Submitted to: CDFA Pierce's Disease Control Program Research Symposium
Publication Type: Abstract Only
Publication Acceptance Date: 10/20/2011
Publication Date: 12/13/2011
Citation: Rogers, E.E. 2011. Testing Xylella fastidiosa pathogenesis mutants in Arabidopsis thaliana. CDFA Pierce's Disease Control Program Research Symposium, December 13-15, 2011, in Sacramento, California. p. 211.

Interpretive Summary:

Technical Abstract: The bacterium Xylella fastidiosa (Xf) causes Pierce's disease and a number of other plant diseases of significant economic impact. To date, progress determining mechanisms of host plant susceptibility, tolerance or resistance has been slow, due in large part to the long generation time and limited available genetic resources for grape and other known hosts of Xf.
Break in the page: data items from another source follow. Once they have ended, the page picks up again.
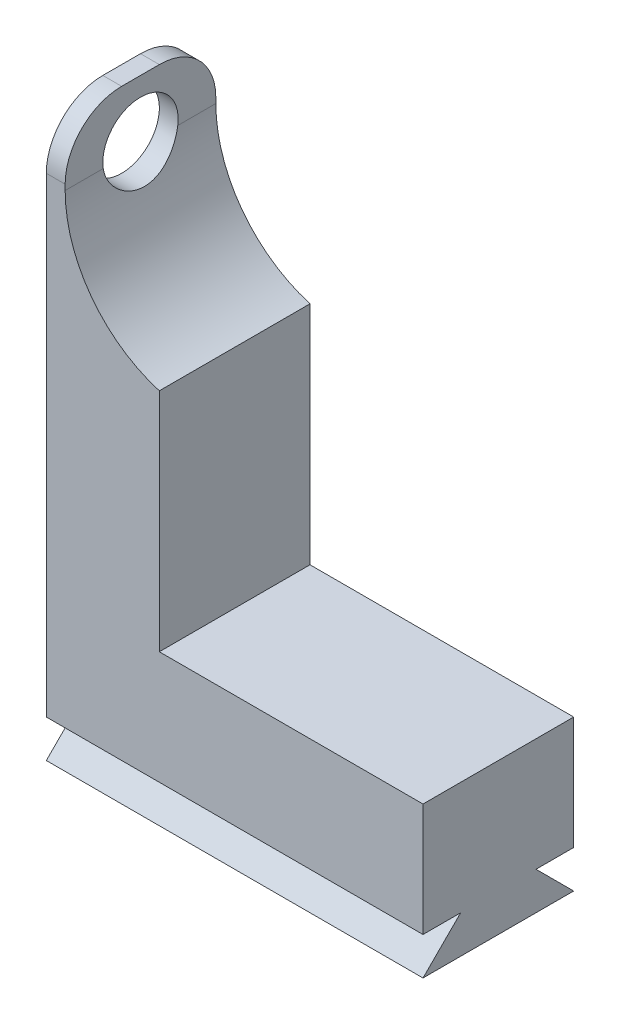
ISO-10303-21;
HEADER;
FILE_DESCRIPTION(('STEP AP214'),'2;1');
FILE_NAME('part.step','',(''),(''),'','','');
FILE_SCHEMA(('AUTOMOTIVE_DESIGN { 1 0 10303 214 1 1 1 1 }'));
ENDSEC;
DATA;
#1=APPLICATION_CONTEXT('core data for automotive mechanical design processes');
#2=APPLICATION_PROTOCOL_DEFINITION('international standard','automotive_design',2000,#1);
#3=PRODUCT_CONTEXT('',#1,'mechanical');
#4=PRODUCT('Part','Part','',(#3));
#5=PRODUCT_RELATED_PRODUCT_CATEGORY('part','',(#4));
#6=PRODUCT_DEFINITION_FORMATION('','',#4);
#7=PRODUCT_DEFINITION_CONTEXT('part definition',#1,'design');
#8=PRODUCT_DEFINITION('design','',#6,#7);
#9=PRODUCT_DEFINITION_SHAPE('','',#8);
#10=(LENGTH_UNIT() NAMED_UNIT(*) SI_UNIT(.MILLI.,.METRE.));
#11=(NAMED_UNIT(*) PLANE_ANGLE_UNIT() SI_UNIT($,.RADIAN.));
#12=(NAMED_UNIT(*) SI_UNIT($,.STERADIAN.) SOLID_ANGLE_UNIT());
#13=UNCERTAINTY_MEASURE_WITH_UNIT(LENGTH_MEASURE(1.E-05),#10,'distance_accuracy_value','');
#14=(GEOMETRIC_REPRESENTATION_CONTEXT(3) GLOBAL_UNCERTAINTY_ASSIGNED_CONTEXT((#13)) GLOBAL_UNIT_ASSIGNED_CONTEXT((#10,
#11,#12)) REPRESENTATION_CONTEXT('',''));
#15=CARTESIAN_POINT('',(0.,0.,0.));
#16=DIRECTION('',(0.,0.,1.));
#17=DIRECTION('',(1.,0.,0.));
#18=AXIS2_PLACEMENT_3D('',#15,#16,#17);
#19=CARTESIAN_POINT('',(6.,0.,0.));
#20=DIRECTION('',(-1.,0.,0.));
#21=DIRECTION('',(0.,0.,1.));
#22=AXIS2_PLACEMENT_3D('',#19,#20,#21);
#23=PLANE('',#22);
#24=DIRECTION('',(0.,0.,1.));
#25=VECTOR('',#24,1.);
#26=CARTESIAN_POINT('',(6.,-7.,-4.));
#27=LINE('',#26,#25);
#28=CARTESIAN_POINT('',(6.,-7.,-4.));
#29=VERTEX_POINT('',#28);
#30=CARTESIAN_POINT('',(6.,-7.,4.));
#31=VERTEX_POINT('',#30);
#32=EDGE_CURVE('E176',#29,#31,#27,.T.);
#33=ORIENTED_EDGE('',*,*,#32,.F.);
#34=DIRECTION('',(0.,1.,0.));
#35=VECTOR('',#34,1.);
#36=CARTESIAN_POINT('',(6.,-15.,-4.));
#37=LINE('',#36,#35);
#38=CARTESIAN_POINT('',(6.,5.,-4.));
#39=VERTEX_POINT('',#38);
#40=EDGE_CURVE('E200',#29,#39,#37,.T.);
#41=ORIENTED_EDGE('',*,*,#40,.T.);
#42=DIRECTION('',(0.,0.,-1.));
#43=VECTOR('',#42,1.);
#44=CARTESIAN_POINT('',(6.,5.,-4.));
#45=LINE('',#44,#43);
#46=CARTESIAN_POINT('',(6.,5.,4.));
#47=VERTEX_POINT('',#46);
#48=EDGE_CURVE('E188',#47,#39,#45,.T.);
#49=ORIENTED_EDGE('',*,*,#48,.F.);
#50=DIRECTION('',(0.,-1.,0.));
#51=VECTOR('',#50,1.);
#52=CARTESIAN_POINT('',(6.,-15.,4.));
#53=LINE('',#52,#51);
#54=EDGE_CURVE('E202',#47,#31,#53,.T.);
#55=ORIENTED_EDGE('',*,*,#54,.T.);
#56=EDGE_LOOP('',(#33,#41,#49,#55));
#57=FACE_BOUND('',#56,.T.);
#58=ADVANCED_FACE('F36',(#57),#23,.F.);
#59=CARTESIAN_POINT('',(6.,-15.,-4.));
#60=DIRECTION('',(0.,0.,1.));
#61=DIRECTION('',(1.,0.,0.));
#62=AXIS2_PLACEMENT_3D('',#59,#60,#61);
#63=PLANE('',#62);
#64=DIRECTION('',(0.,1.,0.));
#65=VECTOR('',#64,1.);
#66=CARTESIAN_POINT('',(20.,-15.,-4.));
#67=LINE('',#66,#65);
#68=CARTESIAN_POINT('',(20.,-13.,-4.));
#69=VERTEX_POINT('',#68);
#70=CARTESIAN_POINT('',(20.,-7.,-4.));
#71=VERTEX_POINT('',#70);
#72=EDGE_CURVE('E178',#69,#71,#67,.T.);
#73=ORIENTED_EDGE('',*,*,#72,.F.);
#74=DIRECTION('',(-1.,0.,0.));
#75=VECTOR('',#74,1.);
#76=CARTESIAN_POINT('',(20.001,-13.,-4.));
#77=LINE('',#76,#75);
#78=CARTESIAN_POINT('',(0.,-13.,-4.));
#79=VERTEX_POINT('',#78);
#80=EDGE_CURVE('E60',#69,#79,#77,.T.);
#81=ORIENTED_EDGE('',*,*,#80,.T.);
#82=DIRECTION('',(0.,1.,0.));
#83=VECTOR('',#82,1.);
#84=CARTESIAN_POINT('',(0.,-15.,-4.));
#85=LINE('',#84,#83);
#86=CARTESIAN_POINT('',(0.,12.,-4.));
#87=VERTEX_POINT('',#86);
#88=EDGE_CURVE('E197',#79,#87,#85,.T.);
#89=ORIENTED_EDGE('',*,*,#88,.T.);
#90=DIRECTION('',(-1.,0.,0.));
#91=VECTOR('',#90,1.);
#92=CARTESIAN_POINT('',(6.,12.,-4.));
#93=LINE('',#92,#91);
#94=CARTESIAN_POINT('',(1.,12.,-4.));
#95=VERTEX_POINT('',#94);
#96=EDGE_CURVE('E223',#87,#95,#93,.F.);
#97=ORIENTED_EDGE('',*,*,#96,.T.);
#98=DIRECTION('',(0.,1.,0.));
#99=VECTOR('',#98,1.);
#100=CARTESIAN_POINT('',(1.,15.,-4.));
#101=LINE('',#100,#99);
#102=CARTESIAN_POINT('',(1.,11.7082039324994,-4.));
#103=VERTEX_POINT('',#102);
#104=EDGE_CURVE('E189',#103,#95,#101,.T.);
#105=ORIENTED_EDGE('',*,*,#104,.F.);
#106=CARTESIAN_POINT('',(8.,11.7082039324994,-4.));
#107=DIRECTION('',(0.,0.,1.));
#108=DIRECTION('',(1.,0.,0.));
#109=AXIS2_PLACEMENT_3D('',#106,#107,#108);
#110=CIRCLE('',#109,7.);
#111=EDGE_CURVE('E45',#103,#39,#110,.T.);
#112=ORIENTED_EDGE('',*,*,#111,.T.);
#113=ORIENTED_EDGE('',*,*,#40,.F.);
#114=DIRECTION('',(-1.,0.,0.));
#115=VECTOR('',#114,1.);
#116=CARTESIAN_POINT('',(20.,-7.,-4.));
#117=LINE('',#116,#115);
#118=EDGE_CURVE('E170',#71,#29,#117,.T.);
#119=ORIENTED_EDGE('',*,*,#118,.F.);
#120=EDGE_LOOP('',(#73,#81,#89,#97,#105,#112,#113,#119));
#121=FACE_BOUND('',#120,.T.);
#122=ADVANCED_FACE('F260',(#121),#63,.F.);
#123=CARTESIAN_POINT('',(6.,15.,4.));
#124=DIRECTION('',(0.,-1.,0.));
#125=DIRECTION('',(0.,0.,-1.));
#126=AXIS2_PLACEMENT_3D('',#123,#124,#125);
#127=PLANE('',#126);
#128=DIRECTION('',(0.,0.,1.));
#129=VECTOR('',#128,1.);
#130=CARTESIAN_POINT('',(1.,15.,-4.));
#131=LINE('',#130,#129);
#132=CARTESIAN_POINT('',(1.,15.,-0.999999999999997));
#133=VERTEX_POINT('',#132);
#134=CARTESIAN_POINT('',(1.,15.,1.));
#135=VERTEX_POINT('',#134);
#136=EDGE_CURVE('E191',#133,#135,#131,.T.);
#137=ORIENTED_EDGE('',*,*,#136,.F.);
#138=DIRECTION('',(-1.,0.,0.));
#139=VECTOR('',#138,1.);
#140=CARTESIAN_POINT('',(6.,15.,-0.999999999999997));
#141=LINE('',#140,#139);
#142=CARTESIAN_POINT('',(0.,15.,-0.999999999999997));
#143=VERTEX_POINT('',#142);
#144=EDGE_CURVE('E215',#133,#143,#141,.T.);
#145=ORIENTED_EDGE('',*,*,#144,.T.);
#146=DIRECTION('',(0.,0.,1.));
#147=VECTOR('',#146,1.);
#148=CARTESIAN_POINT('',(0.,15.,4.));
#149=LINE('',#148,#147);
#150=CARTESIAN_POINT('',(0.,15.,1.));
#151=VERTEX_POINT('',#150);
#152=EDGE_CURVE('E206',#143,#151,#149,.T.);
#153=ORIENTED_EDGE('',*,*,#152,.T.);
#154=DIRECTION('',(-1.,0.,0.));
#155=VECTOR('',#154,1.);
#156=CARTESIAN_POINT('',(6.,15.,1.));
#157=LINE('',#156,#155);
#158=EDGE_CURVE('E153',#151,#135,#157,.F.);
#159=ORIENTED_EDGE('',*,*,#158,.T.);
#160=EDGE_LOOP('',(#137,#145,#153,#159));
#161=FACE_BOUND('',#160,.T.);
#162=ADVANCED_FACE('F270',(#161),#127,.F.);
#163=CARTESIAN_POINT('',(6.,-15.,4.));
#164=DIRECTION('',(0.,0.,-1.));
#165=DIRECTION('',(-1.,0.,0.));
#166=AXIS2_PLACEMENT_3D('',#163,#164,#165);
#167=PLANE('',#166);
#168=DIRECTION('',(0.,-1.,0.));
#169=VECTOR('',#168,1.);
#170=CARTESIAN_POINT('',(0.,-15.,4.));
#171=LINE('',#170,#169);
#172=CARTESIAN_POINT('',(0.,12.,4.));
#173=VERTEX_POINT('',#172);
#174=CARTESIAN_POINT('',(0.,-13.,4.));
#175=VERTEX_POINT('',#174);
#176=EDGE_CURVE('E209',#173,#175,#171,.T.);
#177=ORIENTED_EDGE('',*,*,#176,.T.);
#178=DIRECTION('',(-1.,0.,0.));
#179=VECTOR('',#178,1.);
#180=CARTESIAN_POINT('',(20.001,-13.,4.));
#181=LINE('',#180,#179);
#182=CARTESIAN_POINT('',(20.,-13.,4.));
#183=VERTEX_POINT('',#182);
#184=EDGE_CURVE('E316',#183,#175,#181,.T.);
#185=ORIENTED_EDGE('',*,*,#184,.F.);
#186=DIRECTION('',(0.,-1.,0.));
#187=VECTOR('',#186,1.);
#188=CARTESIAN_POINT('',(20.,-15.,4.));
#189=LINE('',#188,#187);
#190=CARTESIAN_POINT('',(20.,-7.,4.));
#191=VERTEX_POINT('',#190);
#192=EDGE_CURVE('E167',#191,#183,#189,.T.);
#193=ORIENTED_EDGE('',*,*,#192,.F.);
#194=DIRECTION('',(-1.,0.,0.));
#195=VECTOR('',#194,1.);
#196=CARTESIAN_POINT('',(20.,-7.,4.));
#197=LINE('',#196,#195);
#198=EDGE_CURVE('E166',#191,#31,#197,.T.);
#199=ORIENTED_EDGE('',*,*,#198,.T.);
#200=ORIENTED_EDGE('',*,*,#54,.F.);
#201=CARTESIAN_POINT('',(8.,11.7082039324994,4.));
#202=DIRECTION('',(0.,0.,-1.));
#203=DIRECTION('',(-1.,0.,0.));
#204=AXIS2_PLACEMENT_3D('',#201,#202,#203);
#205=CIRCLE('',#204,7.);
#206=CARTESIAN_POINT('',(1.,11.7082039324994,4.));
#207=VERTEX_POINT('',#206);
#208=EDGE_CURVE('E11',#47,#207,#205,.T.);
#209=ORIENTED_EDGE('',*,*,#208,.T.);
#210=DIRECTION('',(0.,-1.,0.));
#211=VECTOR('',#210,1.);
#212=CARTESIAN_POINT('',(1.,15.,4.));
#213=LINE('',#212,#211);
#214=CARTESIAN_POINT('',(1.,12.,4.));
#215=VERTEX_POINT('',#214);
#216=EDGE_CURVE('E194',#215,#207,#213,.T.);
#217=ORIENTED_EDGE('',*,*,#216,.F.);
#218=DIRECTION('',(-1.,0.,0.));
#219=VECTOR('',#218,1.);
#220=CARTESIAN_POINT('',(6.,12.,4.));
#221=LINE('',#220,#219);
#222=EDGE_CURVE('E230',#215,#173,#221,.T.);
#223=ORIENTED_EDGE('',*,*,#222,.T.);
#224=EDGE_LOOP('',(#177,#185,#193,#199,#200,#209,#217,#223));
#225=FACE_BOUND('',#224,.T.);
#226=ADVANCED_FACE('F267',(#225),#167,.F.);
#227=CARTESIAN_POINT('',(6.,-15.,4.));
#228=DIRECTION('',(0.,1.,0.));
#229=DIRECTION('',(0.,0.,1.));
#230=AXIS2_PLACEMENT_3D('',#227,#228,#229);
#231=PLANE('',#230);
#232=DIRECTION('',(0.,0.,-1.));
#233=VECTOR('',#232,1.);
#234=CARTESIAN_POINT('',(0.,-15.,4.));
#235=LINE('',#234,#233);
#236=CARTESIAN_POINT('',(0.,-15.,4.));
#237=VERTEX_POINT('',#236);
#238=CARTESIAN_POINT('',(0.,-15.,-4.));
#239=VERTEX_POINT('',#238);
#240=EDGE_CURVE('E203',#237,#239,#235,.T.);
#241=ORIENTED_EDGE('',*,*,#240,.T.);
#242=DIRECTION('',(-1.,0.,0.));
#243=VECTOR('',#242,1.);
#244=CARTESIAN_POINT('',(6.,-15.,-4.));
#245=LINE('',#244,#243);
#246=CARTESIAN_POINT('',(20.,-15.,-4.));
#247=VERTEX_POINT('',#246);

To overcome many of these limitations, Arabidopsis thaliana has been evaluated as a model host for Xf. A pin-prick inoculation method has been developed to infect Arabidopsis with Xf. Following infection, Xf multiplies robustly and can be detected by microscopy, PCR and isolation. Affymetrix ATH1 microarray analysis of inoculated vs. non-inoculated Tsu-1 reveals gene expression changes that differ greatly from changes seen after infection with apoplast colonizing bacteria. Many genes responsive to abiotic stress are differentially regulated while classic pathogenesis-related (PR) genes are not induced by Xf infection. The Arabidopsis ecotype Tsu-1 was inoculated with the Xf mutants tolC, pglA, and rpfF and their corresponding wild-type parents. The tolC mutant did not grow in Arabidopsis and no live cells were recovered, which is similar to results from tolC infection of grapevine. The rpfF mutant did grow to higher titer, again similar to growth in grape. However, growth of the pglA mutant was indistinguishable from that of the corresponding Fetzer wild type; this contrasts with the situation in grape where pglA is hypervirulent. It may be concluded that Xf growth in Arabidopsis is not enhanced by a functional polygalaturonase protein, perhaps because of differences in xylem and pit membrane structure between grape and Arabidopsis. Because two of the three mutants tested (tolC and rpfF) did behave similarly in Arabidopsis and in grape, it appears that Arabidopsis is an informative model host for the evaluation of at least some Xf mutants.